8 Tips How to Make Cheese at Home

8 Tips How to Make Cheese at Home

8 Tips How to Make Cheese at Home

Most home-made cheeses are made from milk, bacteria and rennet. The cheese can be made from almost any type of milk, such as cow, goat, sheep, skimmed, whole, raw, pasteurized and powdered.

What you will need

Before buying dairy products, it’s a good idea to first find a recipe about how to make cheese at home. Then we start creating a list of the ingredients and equipment we will need to make our cheese.

Cheese manufacturing techniques

Here are some tips and tricks along with information about specific techniques. However, we should remember, people are making cheese for thousands of years, the process can be as simple, but also as scientific, as we want, it is up to us.

We will also show you a guide on how to make cheese. It’s not a recipe, but a great way to get acquainted with the tips of this ancient art.

8 Tips How to Make Cheese at Home

Tip 1: Start with fresh, warm milk

The nicer and fresher the milk you are using, the more tasty your cheese will be. It is good to buy milk the same day you make it cheese. To heat the milk, you can either get it hot by milking (in this case you have to be on a dairy farm), or put it from the refrigerator into a large pot and slowly warm it in a cooking utensil.

Tip 2: Oxidation of Milk

There are many ways to make cheese, but first you have to oxidase the milk. One way is to add acid (vinegar or citric acid) into the milk to get the right acidity. This process (called direct acidification) is done in cheeses like ricotta and mascarpone. The other way to oxidase milk is to add crops or live bacteria.
With time, warmth and lack of competitive bacteria, these crops will absorb lactose into milk, turning it into lactic acid.

Tip 3: Add a coagulant

The most common coagulant is rennet, an enzyme that causes protein to bind into milk. However, the word “rennet” is a little vague. The rennet may come from the animal stomach “traditional rennet”. It can also be a “bacterial” rennet, sometimes also euphemistically called as “plant rennet” derived from recombinant bacteria (using DNA from calf stomach cells). Otherwise, the rennet may be from a fungus “microbial rennet”. Using the more general and more precise term “thrombotic”, we can add “vegetable” thickening agents that could come from fig or thistle. Put the thickener in the liquid milk and wait until some kind of milk jelly is produced.

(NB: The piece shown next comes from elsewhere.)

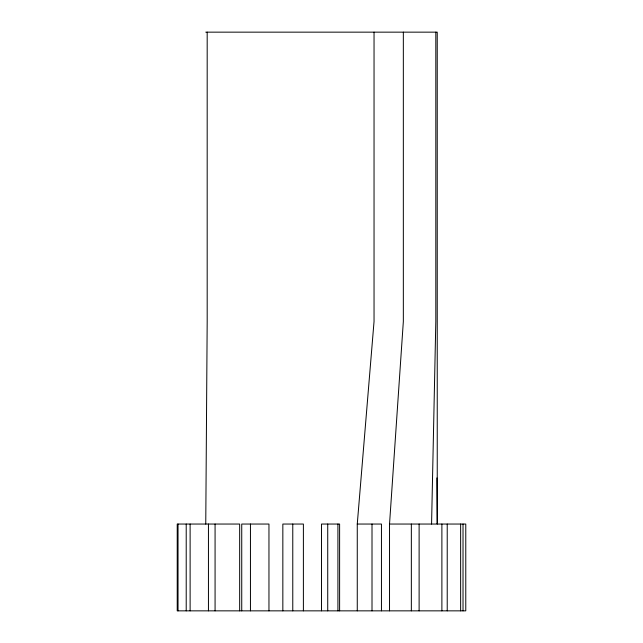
<?xml version="1.0" encoding="UTF-8"?>
<svg xmlns="http://www.w3.org/2000/svg" width="643" height="643" viewBox="0 0 643 643"><rect width="100%" height="100%" fill="white"/><g stroke="black" fill="none" stroke-linecap="round" stroke-linejoin="round"><path stroke-width="0.96" d="M205.76 524.045L207.183 321.5L207.183 32.15M431.574 524.045L435.817 321.5L435.817 32.15M389.529 610.85L389.529 524.045L403.338 321.5L403.338 32.15M357.267 610.85L357.267 524.045L374.041 321.5L374.041 32.15M205.76 32.15L437.24 32.15L437.24 524.045L436.918 477.918M357.267 524.045L381.452 524.045L381.452 610.85M389.529 524.045L465.773 524.045L465.773 610.85L177.227 610.85L177.227 524.045L239.662 524.045L239.662 610.85M463.024 524.045L463.024 610.85M460.637 524.045L460.637 610.85M447.223 524.045L447.223 610.85M441.886 524.045L441.886 610.85M419.115 524.045L419.115 610.85M411.343 524.045L411.343 610.85M372.008 524.045L372.008 610.85M339.608 610.85L339.608 524.045L321.5 524.045L321.5 610.85M337.921 524.045L337.921 610.85M327.729 524.045L327.729 610.85M303.392 610.85L303.392 524.045L282.84 524.045L282.84 610.85M292.774 524.045L292.774 610.85M268.959 610.85L268.959 524.045L241.736 524.045L241.736 610.85M250.448 524.045L250.448 610.85M215.075 524.045L215.075 610.85M208.445 524.045L208.445 610.85M190.119 524.045L190.119 610.85M186.213 524.045L186.213 610.85M178.031 524.045L178.031 610.85"/></g></svg>

Tip 4: Test for the stability of the milk jelly

When you have given enough time to rennet to make protein fermentations in milk, the milk will turn from liquid to gel. You can try the “stability” of the gel by pressing (with clean hands) the surface of the milk.

Tip 5: Cut the curd

The next step, now, is to quench milk that has been coagulated from a giant head, to smaller cubes or pieces. You can do this with a ‘cheese harp’, with a knife or even with a stirring wire. The size at which you cut the curd will greatly affect the amount of moisture retained in your final cheese. The smaller the original pieces, the softer and the oldest will be your cheese, and vice versa.

Tip 6: Mix, cook and wash the curd

For the next few minutes or even hour (depending on the recipe), you will mix the curd into the cooking utensil. If possible, you will turn on the temperature and cook the cheeses while stirring. During this phase, the most important thing that happens is the acid that continues to grow in the curd and from the movement of your stirring, the curd dries.

The more you cook and the more you stir, the more dry your cheese will be. Washing is the process of removing whey from the utensil and replacing it with water. This creates a milder, sweeter and more elastic mixture of cheese.

Tip 7: Drain the curd

Finally, it’s time to separate the curd from milk whey. You can do this almost final step simply by dropping the contents of the pot into a sifter in the sink. You can wait 10 minutes to let the curd sit at the bottom, and then press the liquid cheese together at the bottom of the pot before removing them out of the pot into pieces.

In general, our moves are fast at this point because we want to keep the heat in the porridge, encouraging them to sit together to form a nice smooth head. If we wait too long, the curd cools and the cheese dissolves.

Tip 8: Salt and aging of the cheese

Once the curd has been separated from the whey, you can add salt. Or you can move the curd to its final places (or baskets) and press the cheese rotary before salting. If a cheese is salted, has been properly acidified and has the right moisture inside it, it can aggravate to something more complicated. It can also be consumed immediately – exactly the same time.